Assignment —
After locating the line that holds "settings CodeAppCC: StateflowObjectComments=on", copy that line and all that follow it word for word through the end of the data, with no pictures.

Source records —
*** Block opens ***

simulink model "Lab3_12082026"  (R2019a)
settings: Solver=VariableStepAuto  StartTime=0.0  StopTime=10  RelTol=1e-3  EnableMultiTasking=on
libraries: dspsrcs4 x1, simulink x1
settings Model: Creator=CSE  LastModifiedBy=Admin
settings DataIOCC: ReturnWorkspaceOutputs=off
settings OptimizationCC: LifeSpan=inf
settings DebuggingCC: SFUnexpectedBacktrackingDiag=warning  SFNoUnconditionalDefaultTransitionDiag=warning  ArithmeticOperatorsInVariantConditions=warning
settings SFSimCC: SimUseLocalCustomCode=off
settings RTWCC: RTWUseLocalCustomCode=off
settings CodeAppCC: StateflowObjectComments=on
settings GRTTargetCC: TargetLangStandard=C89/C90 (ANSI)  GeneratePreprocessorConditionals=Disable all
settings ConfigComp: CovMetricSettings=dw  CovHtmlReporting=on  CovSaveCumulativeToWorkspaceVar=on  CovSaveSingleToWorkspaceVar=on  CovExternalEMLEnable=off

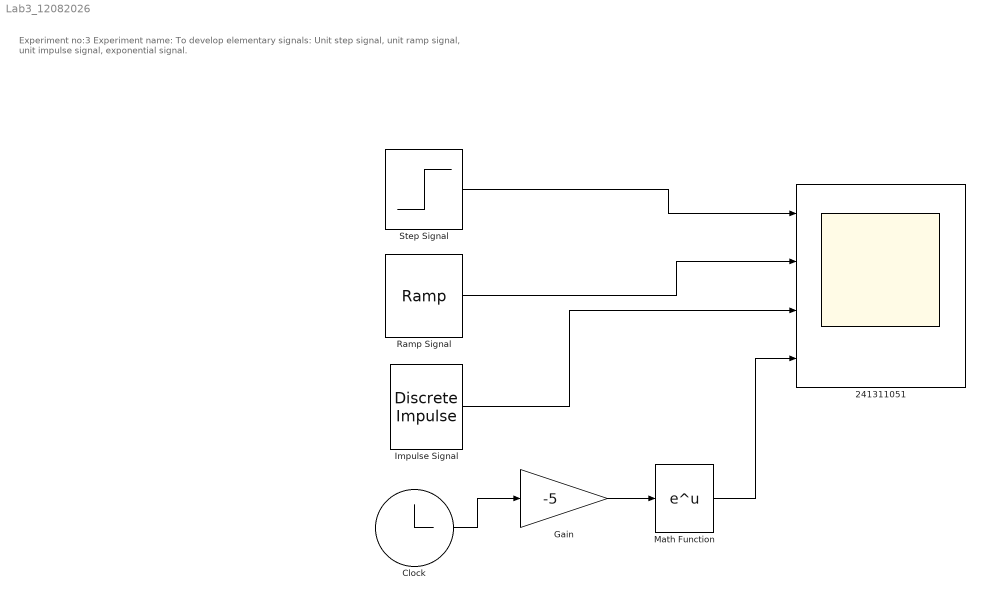
== system Lab3_12082026 ==
  note: Experiment no:3
      | Experiment name: To develop elementary signals: Unit step signal, unit ramp signal, unit impulse signal, exponential signal.
  241311051 : Scope  NumInputPorts=4
  "Clock " : Clock
  "Gain " : Gain  Gain=-5
  Impulse Signal : dspsrcs4/Discrete  Impulse  Delay=3  SampleTime=1  FrameSample=1  OutputFrames=off  dataType=double  isSigned=on  wordLen=16  udDataType=sfix(16)  fracBitsMode=Best precision  numFracBits=15  OutDataTypeStr=double  LastOutDataTypeStr=double
  "Math Function " : Math  SaturateOnIntegerOverflow=on
  Ramp Signal : simulink/Sources/Ramp  slope=2  start=0  InitialOutput=0
  Step Signal : Step  Time=2  SampleTime=0
  wires:
  Step Signal/1 -> 241311051/1
  Ramp Signal/1 -> 241311051/2
  Impulse Signal/1 -> 241311051/3
  "Clock "/1 -> "Gain "/1
  "Gain "/1 -> "Math Function "/1
  "Math Function "/1 -> 241311051/4

*** Block closes ***

Result for this exercise —
settings CodeAppCC: StateflowObjectComments=on
settings GRTTargetCC: TargetLangStandard=C89/C90 (ANSI)  GeneratePreprocessorConditionals=Disable all
settings ConfigComp: CovMetricSettings=dw  CovHtmlReporting=on  CovSaveCumulativeToWorkspaceVar=on  CovSaveSingleToWorkspaceVar=on  CovExternalEMLEnable=off

== system Lab3_12082026 ==
  note: Experiment no:3
      | Experiment name: To develop elementary signals: Unit step signal, unit ramp signal, unit impulse signal, exponential signal.
  241311051 : Scope  NumInputPorts=4
  "Clock " : Clock
  "Gain " : Gain  Gain=-5
  Impulse Signal : dspsrcs4/Discrete  Impulse  Delay=3  SampleTime=1  FrameSample=1  OutputFrames=off  dataType=double  isSigned=on  wordLen=16  udDataType=sfix(16)  fracBitsMode=Best precision  numFracBits=15  OutDataTypeStr=double  LastOutDataTypeStr=double
  "Math Function " : Math  SaturateOnIntegerOverflow=on
  Ramp Signal : simulink/Sources/Ramp  slope=2  start=0  InitialOutput=0
  Step Signal : Step  Time=2  SampleTime=0
  wires:
  Step Signal/1 -> 241311051/1
  Ramp Signal/1 -> 241311051/2
  Impulse Signal/1 -> 241311051/3
  "Clock "/1 -> "Gain "/1
  "Gain "/1 -> "Math Function "/1
  "Math Function "/1 -> 241311051/4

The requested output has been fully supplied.